Marketing Sales and Service Blog | Bluleadz Inbound Agency

Blog | How To Develop a Content Strategy to Drive Revenue (+ Examples)

Written by Alejandra Zilak | 9/16/21 4:25 PM

How much do you know about content marketing? While some people are masters of the craft, others believe in the misguided notion that inserting a couple of keywords into well written content is enough. That may have worked a couple of years ago, but it’s now as effective as trying to raise revenue by installing a payphone at your property. 

If you want to be successful in content marketing — really, truly successful — you need more than just a handful of keywords and the will to succeed.

You need a documented content marketing strategy.

Most enterprises don’t start out with a content marketing strategy in place before they go to town posting on their blog. Instead, they pursue an ad hoc approach and hope for the best.

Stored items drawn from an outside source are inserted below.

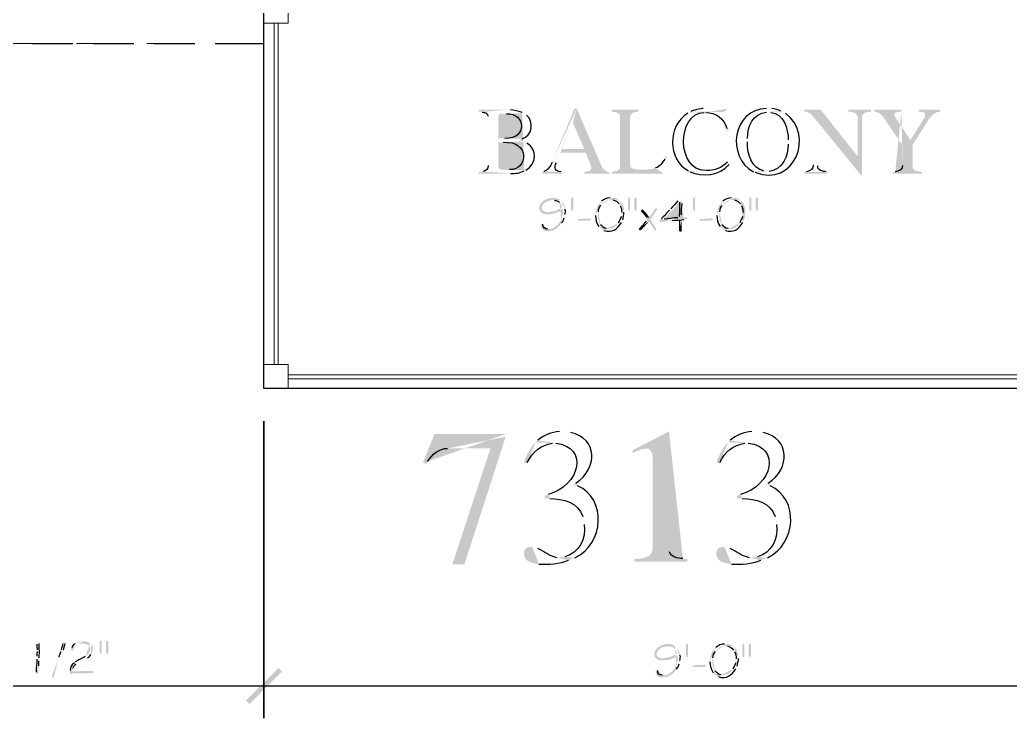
# Model space of a CAD drawing. Header units: inches. Extents: x -167 to 6071, y -6287 to -2731.
# Drawn here: x 290.9 to 412.8, y -6140.6 to -6054.7 of the extents above; entities that cross this region are included whole.
import ezdxf

# ---------------------------------------------------------------- set-up
doc = ezdxf.new("R2010")
doc.units = ezdxf.units.IN
doc.header["$LTSCALE"] = 96
doc.header["$MEASUREMENT"] = 0
doc.linetypes.add('Dash', pattern=[0.225, 0.15, -0.075])
doc.layers.add('Doors', color=5, linetype='Continuous', lineweight=9)
doc.layers.add('Furniture', color=7, linetype='Continuous', lineweight=5, true_color=0x994d00)
doc.layers.add('PDF_Geometry', color=7, linetype='Continuous', true_color=0x4a4a4a)
doc.layers.add('PDF_Solid Fills', color=7, linetype='Continuous')

msp = doc.modelspace()

# ---------------------------------------------------------------- hatches: boundary and pattern name
at = {"layer": 'PDF_Solid Fills', "transparency": 33554559}
h = msp.add_hatch(color=256, dxfattribs=at)
h.paths.add_polyline_path([(350.68, -6065.75), (347.37, -6065.75), (347.37, -6065.96), (347.53, -6065.96), (347.8, -6066.02)], flags=0)
h.paths.add_polyline_path([(348.54, -6066.55), (348.54, -6072.58)], flags=0)
h.paths.add_polyline_path([(347.9, -6073.32), (347.69, -6073.38), (347.37, -6073.38), (347.37, -6073.59), (351.26, -6073.59)], flags=0)
h.paths.add_polyline_path([(352.97, -6073.27), (353.18, -6073.16), (350.89, -6073.16), (350.57, -6073.11), (350.14, -6073.11), (349.93, -6073), (349.77, -6072.84), (349.77, -6069.75), (350.3, -6069.75), (352.92, -6069.64), (352.7, -6069.59), (352.44, -6069.54), (352.22, -6069.48), (352.44, -6069.43), (352.7, -6069.32), (349.77, -6069.27), (349.77, -6066.6), (349.82, -6066.39), (349.98, -6066.23), (350.46, -6066.23), (352.92, -6066.18), (352.7, -6066.07)], flags=0)
h.paths.add_polyline_path([(351.26, -6065.75), (351, -6065.75)], flags=0)
h = msp.add_hatch(color=256, dxfattribs=at)
h.paths.add_polyline_path([(359.42, -6065.59), (359.16, -6065.59), (356.38, -6072.2)], flags=0)
h.paths.add_polyline_path([(355.37, -6073.32), (355.21, -6073.38), (355.21, -6073.59), (357.56, -6073.59), (357.56, -6073.38), (357.5, -6073.38)], flags=0)
h.paths.add_polyline_path([(356.92, -6072.26), (357.4, -6071.03), (360.54, -6071.03), (357.56, -6070.55), (358.94, -6067.3)], flags=0)
for points in [[(359.42, -6065.59), (358.94, -6067.3), (360.33, -6070.55), (357.56, -6070.55), (360.54, -6071.03), (361.13, -6072.52), (361.18, -6072.74), (361.24, -6072.95), (361.18, -6073.06), (361.08, -6073.22), (360.92, -6073.27), (360.7, -6073.32), (360.38, -6073.38), (360.38, -6073.59), (363.42, -6073.59), (363.42, -6073.38), (363.26, -6073.38), (363.05, -6073.32), (362.89, -6073.22), (362.73, -6073.06), (362.57, -6072.84), (362.46, -6072.63)], [(367.05, -6065.75), (363.74, -6065.75), (363.74, -6065.96), (364.01, -6066.02), (364.22, -6066.02), (364.44, -6066.12), (364.6, -6066.23), (364.7, -6066.39), (364.76, -6066.55), (364.76, -6072.79), (364.7, -6072.95), (364.6, -6073.11), (367.42, -6073.11), (366.89, -6073.11), (366.62, -6073.06), (366.2, -6072.95), (366.09, -6072.84), (366.04, -6072.74), (365.98, -6072.63), (365.98, -6066.55), (366.09, -6066.39), (366.2, -6066.23), (366.3, -6066.12), (366.73, -6066.02), (367.05, -6065.96)], [(389.45, -6065.75), (387.42, -6065.75), (387.42, -6065.96), (387.58, -6065.96), (387.8, -6066.02), (388.01, -6066.12), (388.17, -6066.23), (388.22, -6066.23), (388.33, -6066.39), (388.54, -6066.66), (389.08, -6067.24), (394.36, -6073.75), (393.98, -6071.46)], [(395.64, -6065.75), (392.86, -6065.75), (392.86, -6065.96), (392.92, -6065.96), (393.45, -6066.07), (393.61, -6066.12), (393.77, -6066.23), (393.98, -6066.55), (393.98, -6071.46), (394.36, -6073.75), (394.52, -6073.75), (394.52, -6066.66), (394.57, -6066.5), (394.62, -6066.34), (394.73, -6066.23), (394.89, -6066.12), (395.1, -6066.02), (395.37, -6066.02), (395.64, -6065.96)], [(404.12, -6065.75), (401.5, -6065.75), (401.5, -6065.96), (401.66, -6065.96), (401.93, -6066.02), (402.14, -6066.07), (402.3, -6066.18), (402.3, -6066.55), (402.2, -6066.76), (400.49, -6069.48), (400.76, -6070.02), (402.57, -6067.24), (402.57, -6067.19), (402.73, -6066.92), (402.94, -6066.71), (403.1, -6066.5), (403.26, -6066.34), (403.42, -6066.23), (403.64, -6066.12), (403.8, -6066.02), (403.96, -6066.02), (404.12, -6065.96)], [(356.49, -6076.58), (356.22, -6076.58), (356.12, -6076.63), (356.01, -6076.63), (355.8, -6076.74), (355.64, -6076.74), (355.53, -6076.84), (355.42, -6076.9), (355.37, -6076.95), (355.26, -6077), (355.1, -6077.16), (355.05, -6077.27), (354.94, -6077.38), (354.89, -6077.48), (354.84, -6077.64), (354.84, -6078.02), (355, -6078.34), (355.9, -6078.34), (355.74, -6078.34), (355.64, -6078.28), (355.53, -6078.28), (355.32, -6078.18), (355.16, -6078.02), (355.1, -6077.91), (355.1, -6077.8), (355.16, -6077.7), (355.16, -6077.59), (355.26, -6077.43), (355.32, -6077.32), (355.42, -6077.27), (355.53, -6077.16), (355.64, -6077.11), (355.69, -6077.06), (355.9, -6076.95), (356.01, -6076.95), (356.12, -6076.9), (356.28, -6076.9), (356.38, -6076.84), (357.4, -6076.84), (357.29, -6076.79), (357.24, -6076.74), (357.02, -6076.63), (356.86, -6076.63), (356.76, -6076.58), (356.65, -6076.58)], [(359, -6076.79), (359, -6078.12), (358.89, -6078.18), (358.78, -6078.12), (358.78, -6078.02), (358.73, -6077.96), (358.73, -6076.79), (358.78, -6076.63), (358.78, -6076.58), (358.89, -6076.52), (359, -6076.58)], [(365.88, -6076.52), (365.77, -6076.58), (365.77, -6076.63), (365.72, -6076.79), (365.72, -6077.96), (365.77, -6078.02), (365.77, -6078.12), (365.88, -6078.18), (365.98, -6078.12), (365.98, -6076.58)], [(366.62, -6076.52), (366.57, -6076.58), (366.52, -6076.63), (366.52, -6078.02), (366.57, -6078.12), (366.62, -6078.18), (366.73, -6078.12), (366.78, -6078.07), (366.78, -6076.68), (366.73, -6076.58)], [(373.98, -6076.79), (373.98, -6078.12), (373.88, -6078.18), (373.77, -6078.12), (373.77, -6078.02), (373.72, -6077.96), (373.72, -6076.79), (373.77, -6076.63), (373.77, -6076.58), (373.88, -6076.52), (373.98, -6076.58)], [(380.81, -6076.52), (380.7, -6076.58), (380.7, -6076.63), (380.65, -6076.79), (380.65, -6077.96), (380.7, -6078.02), (380.7, -6078.12), (380.81, -6078.18), (380.92, -6078.12), (380.92, -6076.58)], [(381.56, -6076.52), (381.45, -6076.63), (381.45, -6078.02), (381.5, -6078.12), (381.56, -6078.18), (381.66, -6078.12), (381.72, -6078.07), (381.72, -6076.68), (381.66, -6076.58)], [(357.24, -6077.96), (356.81, -6078.18), (356.7, -6078.18), (356.6, -6078.23), (356.49, -6078.23), (356.33, -6078.28), (356.12, -6078.28), (356.01, -6078.34), (355, -6078.34), (355.1, -6078.39), (355.16, -6078.44), (355.26, -6078.5), (355.32, -6078.55), (355.48, -6078.55), (355.58, -6078.6), (356.12, -6078.6), (356.22, -6078.55), (356.49, -6078.55), (356.6, -6078.5), (356.7, -6078.5), (356.81, -6078.44), (356.86, -6078.44), (357.18, -6078.28), (357.29, -6078.28), (357.4, -6078.18), (357.61, -6078.07), (357.66, -6078.02)], [(369.18, -6077.86), (369.13, -6077.91), (369.08, -6077.91), (369.02, -6078.02), (368.92, -6078.12), (368.86, -6078.28), (368.81, -6078.34), (368.7, -6078.44), (368.6, -6078.66), (368.49, -6078.76), (368.44, -6078.87), (368.38, -6078.92), (368.33, -6079.03), (368.01, -6079.03), (368.06, -6079.14), (368.12, -6079.24), (368.12, -6079.3), (368.01, -6079.4), (368.28, -6079.46), (368.33, -6079.51), (368.44, -6079.72), (368.54, -6079.78), (368.65, -6079.99), (368.7, -6080.1), (368.81, -6080.2), (368.86, -6080.31), (368.97, -6080.47), (369.02, -6080.58), (369.08, -6080.63), (369.18, -6080.63), (369.24, -6080.52), (369.24, -6080.47), (369.18, -6080.36), (369.13, -6080.26), (369.02, -6080.1), (369.02, -6080.04), (368.97, -6079.99), (368.92, -6079.88), (368.86, -6079.83), (368.76, -6079.72), (368.7, -6079.62), (368.65, -6079.51), (368.54, -6079.35), (368.44, -6079.24), (368.54, -6079.14), (368.65, -6079.03), (368.7, -6078.92), (368.81, -6078.82), (368.86, -6078.71), (368.92, -6078.6), (368.97, -6078.55), (369.02, -6078.44), (369.08, -6078.39), (369.13, -6078.28), (369.24, -6078.18), (369.29, -6078.07), (369.29, -6077.91)], [(361.02, -6079.08), (360.92, -6079.08), (360.81, -6079.14), (360.12, -6079.14), (360.01, -6079.19), (359.58, -6079.19), (359.53, -6079.3), (359.58, -6079.4), (360.86, -6079.4), (360.92, -6079.35), (361.08, -6079.35), (361.18, -6079.3), (361.18, -6079.24), (361.13, -6079.14)], [(376.01, -6079.08), (375.9, -6079.08), (375.8, -6079.14), (375.1, -6079.14), (375, -6079.19), (374.57, -6079.19), (374.52, -6079.3), (374.57, -6079.4), (375.85, -6079.4), (375.9, -6079.35), (376.06, -6079.35), (376.17, -6079.3), (376.17, -6079.24), (376.12, -6079.14)], [(370.78, -6105.32), (366.3, -6107.62), (366.3, -6107.94), (366.36, -6107.94), (366.94, -6107.67), (367.42, -6107.51), (367.8, -6107.46), (368.12, -6107.4)]]:
    msp.add_hatch(color=256, dxfattribs=at).paths.add_polyline_path(points)
h = msp.add_hatch(color=256, dxfattribs=at)
h.paths.add_polyline_path([(378.14, -6065.59), (377.88, -6065.59), (377.88, -6065.64), (377.77, -6065.86), (377.61, -6065.96), (377.4, -6066.02), (373.24, -6066.07), (375.32, -6066.07)], flags=0)
h.paths.add_polyline_path([(377.88, -6068.04), (377.93, -6068.26), (378.25, -6068.26)], flags=0)
h = msp.add_hatch(color=256, dxfattribs=at)
h.paths.add_polyline_path([(375.16, -6065.59), (375, -6065.59)], flags=0)
h.paths.add_polyline_path([(373.45, -6065.96), (373.24, -6066.07), (377.4, -6066.02), (377.24, -6065.96)], flags=0)
h.paths.add_polyline_path([(377.24, -6065.96, 0.003622), (375.64, -6065.59)], flags=0)
h.paths.add_polyline_path([(375.64, -6065.59), (375.42, -6065.59)], flags=0)
h = msp.add_hatch(color=256, dxfattribs=at)
h.paths.add_polyline_path([(382.94, -6065.59), (382.78, -6065.59)], flags=0)
h.paths.add_polyline_path([(381.18, -6073.38), (382.89, -6073.32), (382.68, -6073.32), (382.46, -6073.27)], flags=0)
h.paths.add_polyline_path([(380.44, -6069.7), (380.44, -6069.27)], flags=0)
h.paths.add_polyline_path([(382.78, -6066.02), (383.05, -6066.02), (384.76, -6065.96), (384.54, -6065.91)], flags=0)
h.paths.add_polyline_path([(383.42, -6065.59), (383.21, -6065.59)], flags=0)
h = msp.add_hatch(color=256, dxfattribs=at)
h.paths.add_polyline_path([(399.37, -6065.75), (396.06, -6065.75), (396.06, -6065.96), (396.22, -6066.02), (396.44, -6066.07), (396.6, -6066.12), (396.76, -6066.28), (396.97, -6066.44), (397.13, -6066.6), (397.29, -6066.87), (399.53, -6070.12), (399.53, -6072.58)], flags=0)
h.paths.add_polyline_path([(398.62, -6073.38), (398.36, -6073.38), (398.36, -6073.59), (401.93, -6073.59), (401.93, -6073.38), (401.82, -6073.38), (401.5, -6073.32), (401.08, -6073.22), (400.92, -6073.11), (400.81, -6072.95), (400.76, -6072.84), (400.76, -6070.02), (400.49, -6069.48), (398.73, -6066.82), (398.62, -6066.66), (398.57, -6066.44), (398.52, -6066.23), (398.52, -6066.18), (398.62, -6066.12), (398.78, -6066.02), (399.05, -6066.02), (399.37, -6065.96)], flags=0)
h = msp.add_hatch(color=256, dxfattribs=at)
h.paths.add_polyline_path([(352.92, -6066.18), (350.46, -6066.23), (350.78, -6066.23)], flags=0)
h.paths.add_polyline_path([(350.57, -6069.27), (349.77, -6069.27), (352.7, -6069.32)], flags=0)
h.paths.add_polyline_path([(353.24, -6066.39), (353.08, -6066.28)], flags=0)
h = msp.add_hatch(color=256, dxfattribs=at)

Sure enough, organizations that consistently refine their content marketing usually develop processes that lead to lasting success. But this is a long, laborious process. Yet, you didn’t start a business because you liked to do things the easy way. So let’s go over what it entails to come up with good content strategies. 

What is a Content Strategy?

Content strategy is an action plan to achieve your business objectives through content. This can be in the form of blogs, videos, infographics, webinars, tutorials, podcasts, eBooks, white papers, etc... Pretty much all information you share with your target market hoping that they will purchase your goods or services at some point. 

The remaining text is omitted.